HOW TO COMPLETE THIS TASK.
Copy the lines word for word. Begin at the line that contains "#227=VECTOR('',#226,1.);" and end with the final line of the data.

SUPPLIED DATA.

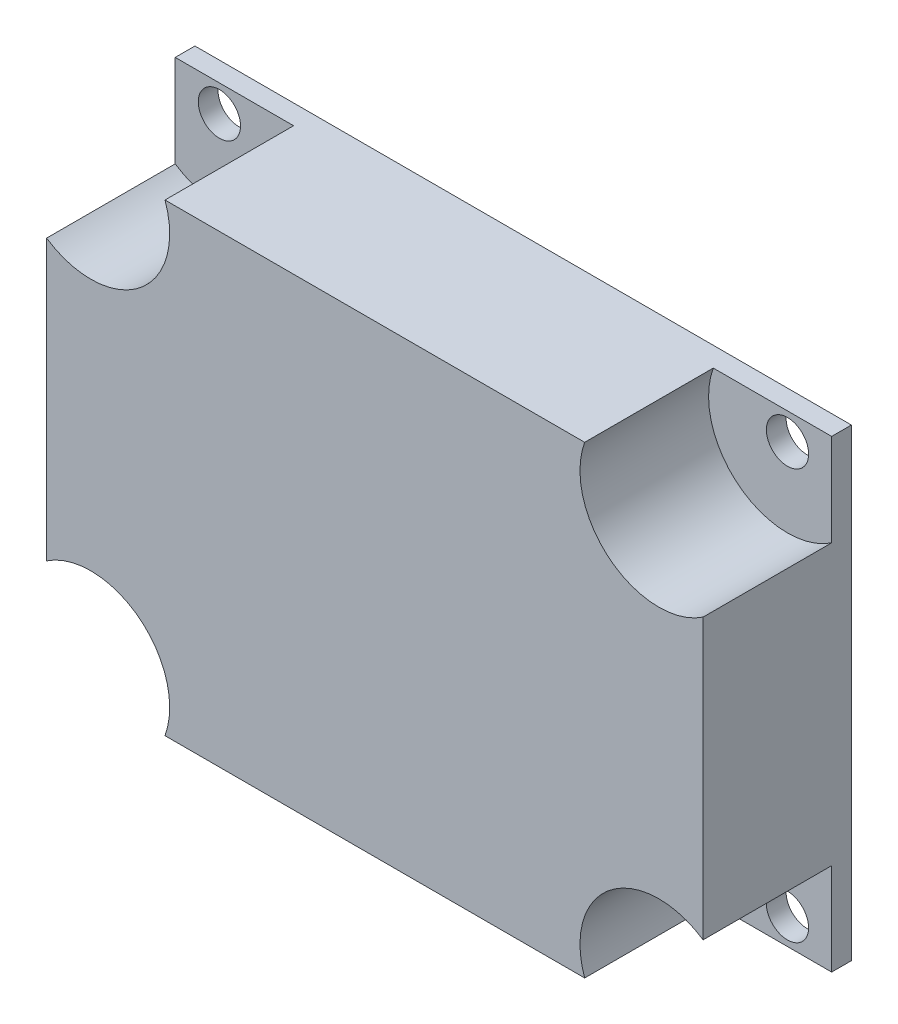
ISO-10303-21;
HEADER;
FILE_DESCRIPTION(('STEP AP214'),'2;1');
FILE_NAME('part.step','',(''),(''),'','','');
FILE_SCHEMA(('AUTOMOTIVE_DESIGN { 1 0 10303 214 1 1 1 1 }'));
ENDSEC;
DATA;
#1=APPLICATION_CONTEXT('core data for automotive mechanical design processes');
#2=APPLICATION_PROTOCOL_DEFINITION('international standard','automotive_design',2000,#1);
#3=PRODUCT_CONTEXT('',#1,'mechanical');
#4=PRODUCT('Part','Part','',(#3));
#5=PRODUCT_RELATED_PRODUCT_CATEGORY('part','',(#4));
#6=PRODUCT_DEFINITION_FORMATION('','',#4);
#7=PRODUCT_DEFINITION_CONTEXT('part definition',#1,'design');
#8=PRODUCT_DEFINITION('design','',#6,#7);
#9=PRODUCT_DEFINITION_SHAPE('','',#8);
#10=(LENGTH_UNIT() NAMED_UNIT(*) SI_UNIT(.MILLI.,.METRE.));
#11=(NAMED_UNIT(*) PLANE_ANGLE_UNIT() SI_UNIT($,.RADIAN.));
#12=(NAMED_UNIT(*) SI_UNIT($,.STERADIAN.) SOLID_ANGLE_UNIT());
#13=UNCERTAINTY_MEASURE_WITH_UNIT(LENGTH_MEASURE(1.E-05),#10,'distance_accuracy_value','');
#14=(GEOMETRIC_REPRESENTATION_CONTEXT(3) GLOBAL_UNCERTAINTY_ASSIGNED_CONTEXT((#13)) GLOBAL_UNIT_ASSIGNED_CONTEXT((#10,
#11,#12)) REPRESENTATION_CONTEXT('',''));
#15=CARTESIAN_POINT('',(0.,0.,0.));
#16=DIRECTION('',(0.,0.,1.));
#17=DIRECTION('',(1.,0.,0.));
#18=AXIS2_PLACEMENT_3D('',#15,#16,#17);
#19=CARTESIAN_POINT('',(-22.86,-16.51,11.938));
#20=DIRECTION('',(0.,0.,1.));
#21=DIRECTION('',(1.,0.,0.));
#22=AXIS2_PLACEMENT_3D('',#19,#20,#21);
#23=CYLINDRICAL_SURFACE('',#22,1.69999999999999);
#24=CARTESIAN_POINT('',(-22.86,-16.51,0.));
#25=DIRECTION('',(0.,0.,1.));
#26=DIRECTION('',(1.,0.,0.));
#27=AXIS2_PLACEMENT_3D('',#24,#25,#26);
#28=CIRCLE('',#27,1.69999999999999);
#29=CARTESIAN_POINT('',(-21.16,-16.51,0.));
#30=VERTEX_POINT('',#29);
#31=EDGE_CURVE('E166',#30,#30,#28,.T.);
#32=ORIENTED_EDGE('',*,*,#31,.F.);
#33=EDGE_LOOP('',(#32));
#34=FACE_BOUND('',#33,.T.);
#35=CARTESIAN_POINT('',(-22.86,-16.51,1.5875));
#36=DIRECTION('',(0.,0.,1.));
#37=DIRECTION('',(1.,0.,0.));
#38=AXIS2_PLACEMENT_3D('',#35,#36,#37);
#39=CIRCLE('',#38,1.69999999999999);
#40=CARTESIAN_POINT('',(-21.16,-16.51,1.5875));
#41=VERTEX_POINT('',#40);
#42=EDGE_CURVE('E39',#41,#41,#39,.F.);
#43=ORIENTED_EDGE('',*,*,#42,.F.);
#44=EDGE_LOOP('',(#43));
#45=FACE_BOUND('',#44,.T.);
#46=ADVANCED_FACE('F35',(#34,#45),#23,.F.);
#47=CARTESIAN_POINT('',(22.86,16.51,11.938));
#48=DIRECTION('',(0.,0.,1.));
#49=DIRECTION('',(1.,0.,0.));
#50=AXIS2_PLACEMENT_3D('',#47,#48,#49);
#51=CYLINDRICAL_SURFACE('',#50,1.69999999999999);
#52=CARTESIAN_POINT('',(22.86,16.51,0.));
#53=DIRECTION('',(0.,0.,1.));
#54=DIRECTION('',(1.,0.,0.));
#55=AXIS2_PLACEMENT_3D('',#52,#53,#54);
#56=CIRCLE('',#55,1.69999999999999);
#57=CARTESIAN_POINT('',(24.56,16.51,0.));
#58=VERTEX_POINT('',#57);
#59=EDGE_CURVE('E227',#58,#58,#56,.T.);
#60=ORIENTED_EDGE('',*,*,#59,.F.);
#61=EDGE_LOOP('',(#60));
#62=FACE_BOUND('',#61,.T.);
#63=CARTESIAN_POINT('',(22.86,16.51,1.5875));
#64=DIRECTION('',(0.,0.,1.));
#65=DIRECTION('',(1.,0.,0.));
#66=AXIS2_PLACEMENT_3D('',#63,#64,#65);
#67=CIRCLE('',#66,1.69999999999999);
#68=CARTESIAN_POINT('',(24.56,16.51,1.5875));
#69=VERTEX_POINT('',#68);
#70=EDGE_CURVE('E185',#69,#69,#67,.F.);
#71=ORIENTED_EDGE('',*,*,#70,.F.);
#72=EDGE_LOOP('',(#71));
#73=FACE_BOUND('',#72,.T.);
#74=ADVANCED_FACE('F237',(#62,#73),#51,.F.);
#75=CARTESIAN_POINT('',(22.86,-16.51,11.938));
#76=DIRECTION('',(0.,0.,1.));
#77=DIRECTION('',(1.,0.,0.));
#78=AXIS2_PLACEMENT_3D('',#75,#76,#77);
#79=CYLINDRICAL_SURFACE('',#78,1.69999999999999);
#80=CARTESIAN_POINT('',(22.86,-16.51,0.));
#81=DIRECTION('',(0.,0.,1.));
#82=DIRECTION('',(1.,0.,0.));
#83=AXIS2_PLACEMENT_3D('',#80,#81,#82);
#84=CIRCLE('',#83,1.69999999999999);
#85=CARTESIAN_POINT('',(24.56,-16.51,0.));
#86=VERTEX_POINT('',#85);
#87=EDGE_CURVE('E224',#86,#86,#84,.T.);
#88=ORIENTED_EDGE('',*,*,#87,.F.);
#89=EDGE_LOOP('',(#88));
#90=FACE_BOUND('',#89,.T.);
#91=CARTESIAN_POINT('',(22.86,-16.51,1.5875));
#92=DIRECTION('',(0.,0.,1.));
#93=DIRECTION('',(1.,0.,0.));
#94=AXIS2_PLACEMENT_3D('',#91,#92,#93);
#95=CIRCLE('',#94,1.69999999999999);
#96=CARTESIAN_POINT('',(24.56,-16.51,1.5875));
#97=VERTEX_POINT('',#96);
#98=EDGE_CURVE('E182',#97,#97,#95,.F.);
#99=ORIENTED_EDGE('',*,*,#98,.F.);
#100=EDGE_LOOP('',(#99));
#101=FACE_BOUND('',#100,.T.);
#102=ADVANCED_FACE('F311',(#90,#101),#79,.F.);
#103=CARTESIAN_POINT('',(-22.86,16.51,11.938));
#104=DIRECTION('',(0.,0.,1.));
#105=DIRECTION('',(1.,0.,0.));
#106=AXIS2_PLACEMENT_3D('',#103,#104,#105);
#107=CYLINDRICAL_SURFACE('',#106,1.69999999999999);
#108=CARTESIAN_POINT('',(-22.86,16.51,0.));
#109=DIRECTION('',(0.,0.,1.));
#110=DIRECTION('',(1.,0.,0.));
#111=AXIS2_PLACEMENT_3D('',#108,#109,#110);
#112=CIRCLE('',#111,1.69999999999999);
#113=CARTESIAN_POINT('',(-21.16,16.51,0.));
#114=VERTEX_POINT('',#113);
#115=EDGE_CURVE('E221',#114,#114,#112,.T.);
#116=ORIENTED_EDGE('',*,*,#115,.F.);
#117=EDGE_LOOP('',(#116));
#118=FACE_BOUND('',#117,.T.);
#119=CARTESIAN_POINT('',(-22.86,16.51,1.5875));
#120=DIRECTION('',(0.,0.,1.));
#121=DIRECTION('',(1.,0.,0.));
#122=AXIS2_PLACEMENT_3D('',#119,#120,#121);
#123=CIRCLE('',#122,1.69999999999999);
#124=CARTESIAN_POINT('',(-21.16,16.51,1.5875));
#125=VERTEX_POINT('',#124);
#126=EDGE_CURVE('E178',#125,#125,#123,.F.);
#127=ORIENTED_EDGE('',*,*,#126,.F.);
#128=EDGE_LOOP('',(#127));
#129=FACE_BOUND('',#128,.T.);
#130=ADVANCED_FACE('F308',(#118,#129),#107,.F.);
#131=CARTESIAN_POINT('',(26.416,18.669,11.938));
#132=DIRECTION('',(-1.,0.,0.));
#133=DIRECTION('',(0.,-1.,0.));
#134=AXIS2_PLACEMENT_3D('',#131,#132,#133);
#135=PLANE('',#134);
#136=DIRECTION('',(0.,1.,0.));
#137=VECTOR('',#136,1.);
#138=CARTESIAN_POINT('',(26.416,18.669,1.5875));
#139=LINE('',#138,#137);
#140=CARTESIAN_POINT('',(26.416,11.2490719449892,1.5875));
#141=VERTEX_POINT('',#140);
#142=CARTESIAN_POINT('',(26.416,18.669,1.5875));
#143=VERTEX_POINT('',#142);
#144=EDGE_CURVE('E191',#141,#143,#139,.T.);
#145=ORIENTED_EDGE('',*,*,#144,.F.);
#146=DIRECTION('',(0.,0.,1.));
#147=VECTOR('',#146,1.);
#148=CARTESIAN_POINT('',(26.416,11.2490719449892,1.5875));
#149=LINE('',#148,#147);
#150=CARTESIAN_POINT('',(26.416,11.2490719449892,11.938));
#151=VERTEX_POINT('',#150);
#152=EDGE_CURVE('E214',#141,#151,#149,.T.);
#153=ORIENTED_EDGE('',*,*,#152,.T.);
#154=DIRECTION('',(0.,1.,0.));
#155=VECTOR('',#154,1.);
#156=CARTESIAN_POINT('',(26.416,18.669,11.938));
#157=LINE('',#156,#155);
#158=CARTESIAN_POINT('',(26.416,-11.2490719449892,11.938));
#159=VERTEX_POINT('',#158);
#160=EDGE_CURVE('E151',#159,#151,#157,.T.);
#161=ORIENTED_EDGE('',*,*,#160,.F.);
#162=DIRECTION('',(0.,0.,1.));
#163=VECTOR('',#162,1.);
#164=CARTESIAN_POINT('',(26.416,-11.2490719449892,1.5875));
#165=LINE('',#164,#163);
#166=CARTESIAN_POINT('',(26.416,-11.2490719449892,1.5875));
#167=VERTEX_POINT('',#166);
#168=EDGE_CURVE('E209',#159,#167,#165,.F.);
#169=ORIENTED_EDGE('',*,*,#168,.T.);
#170=DIRECTION('',(0.,1.,0.));
#171=VECTOR('',#170,1.);
#172=CARTESIAN_POINT('',(26.416,18.669,1.5875));
#173=LINE('',#172,#171);
#174=CARTESIAN_POINT('',(26.416,-18.669,1.5875));
#175=VERTEX_POINT('',#174);
#176=EDGE_CURVE('E188',#175,#167,#173,.T.);
#177=ORIENTED_EDGE('',*,*,#176,.F.);
#178=DIRECTION('',(0.,0.,-1.));
#179=VECTOR('',#178,1.);
#180=CARTESIAN_POINT('',(26.416,-18.669,11.938));
#181=LINE('',#180,#179);
#182=CARTESIAN_POINT('',(26.416,-18.669,0.));
#183=VERTEX_POINT('',#182);
#184=EDGE_CURVE('E161',#175,#183,#181,.T.);
#185=ORIENTED_EDGE('',*,*,#184,.T.);
#186=DIRECTION('',(0.,1.,0.));
#187=VECTOR('',#186,1.);
#188=CARTESIAN_POINT('',(26.416,18.669,0.));
#189=LINE('',#188,#187);
#190=CARTESIAN_POINT('',(26.416,18.669,0.));
#191=VERTEX_POINT('',#190);
#192=EDGE_CURVE('E162',#183,#191,#189,.T.);
#193=ORIENTED_EDGE('',*,*,#192,.T.);
#194=DIRECTION('',(0.,0.,-1.));
#195=VECTOR('',#194,1.);
#196=CARTESIAN_POINT('',(26.416,18.669,11.938));
#197=LINE('',#196,#195);
#198=EDGE_CURVE('E11',#143,#191,#197,.T.);
#199=ORIENTED_EDGE('',*,*,#198,.F.);
#200=EDGE_LOOP('',(#145,#153,#161,#169,#177,#185,#193,#199));
#201=FACE_BOUND('',#200,.T.);
#202=ADVANCED_FACE('F37',(#201),#135,.F.);
#203=CARTESIAN_POINT('',(-26.416,18.669,11.938));
#204=DIRECTION('',(0.,-1.,0.));
#205=DIRECTION('',(0.,0.,-1.));
#206=AXIS2_PLACEMENT_3D('',#203,#204,#205);
#207=PLANE('',#206);
#208=DIRECTION('',(-1.,0.,0.));
#209=VECTOR('',#208,1.);
#210=CARTESIAN_POINT('',(-26.416,18.669,11.938));
#211=LINE('',#210,#209);
#212=CARTESIAN_POINT('',(16.8882984836815,18.669,11.938));
#213=VERTEX_POINT('',#212);
#214=CARTESIAN_POINT('',(-16.8882984836816,18.669,11.938));
#215=VERTEX_POINT('',#214);
#216=EDGE_CURVE('E141',#213,#215,#211,.T.);
#217=ORIENTED_EDGE('',*,*,#216,.F.);
#218=DIRECTION('',(0.,0.,1.));
#219=VECTOR('',#218,1.);
#220=CARTESIAN_POINT('',(16.8882984836815,18.669,1.5875));
#221=LINE('',#220,#219);
#222=CARTESIAN_POINT('',(16.8882984836815,18.669,1.5875));
#223=VERTEX_POINT('',#222);
#224=EDGE_CURVE('E212',#213,#223,#221,.F.);
#225=ORIENTED_EDGE('',*,*,#224,.T.);
#226=DIRECTION('',(-1.,0.,0.));
#227=VECTOR('',#226,1.);
#228=CARTESIAN_POINT('',(-26.416,18.669,1.5875));
#229=LINE('',#228,#227);
#230=EDGE_CURVE('E187',#143,#223,#229,.T.);
#231=ORIENTED_EDGE('',*,*,#230,.F.);
#232=ORIENTED_EDGE('',*,*,#198,.T.);
#233=DIRECTION('',(-1.,0.,0.));
#234=VECTOR('',#233,1.);
#235=CARTESIAN_POINT('',(-26.416,18.669,0.));
#236=LINE('',#235,#234);
#237=CARTESIAN_POINT('',(-26.416,18.669,0.));
#238=VERTEX_POINT('',#237);
#239=EDGE_CURVE('E165',#191,#238,#236,.T.);
#240=ORIENTED_EDGE('',*,*,#239,.T.);
#241=DIRECTION('',(0.,0.,-1.));
#242=VECTOR('',#241,1.);
#243=CARTESIAN_POINT('',(-26.416,18.669,11.938));
#244=LINE('',#243,#242);
#245=CARTESIAN_POINT('',(-26.416,18.669,1.5875));
#246=VERTEX_POINT('',#245);
#247=EDGE_CURVE('E44',#246,#238,#244,.T.);
#248=ORIENTED_EDGE('',*,*,#247,.F.);
#249=DIRECTION('',(-1.,0.,0.));
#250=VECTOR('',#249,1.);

YOUR RESPONSE.
#227=VECTOR('',#226,1.);
#228=CARTESIAN_POINT('',(-26.416,18.669,1.5875));
#229=LINE('',#228,#227);
#230=EDGE_CURVE('E187',#143,#223,#229,.T.);
#231=ORIENTED_EDGE('',*,*,#230,.F.);
#232=ORIENTED_EDGE('',*,*,#198,.T.);
#233=DIRECTION('',(-1.,0.,0.));
#234=VECTOR('',#233,1.);
#235=CARTESIAN_POINT('',(-26.416,18.669,0.));
#236=LINE('',#235,#234);
#237=CARTESIAN_POINT('',(-26.416,18.669,0.));
#238=VERTEX_POINT('',#237);
#239=EDGE_CURVE('E165',#191,#238,#236,.T.);
#240=ORIENTED_EDGE('',*,*,#239,.T.);
#241=DIRECTION('',(0.,0.,-1.));
#242=VECTOR('',#241,1.);
#243=CARTESIAN_POINT('',(-26.416,18.669,11.938));
#244=LINE('',#243,#242);
#245=CARTESIAN_POINT('',(-26.416,18.669,1.5875));
#246=VERTEX_POINT('',#245);
#247=EDGE_CURVE('E44',#246,#238,#244,.T.);
#248=ORIENTED_EDGE('',*,*,#247,.F.);
#249=DIRECTION('',(-1.,0.,0.));
#250=VECTOR('',#249,1.);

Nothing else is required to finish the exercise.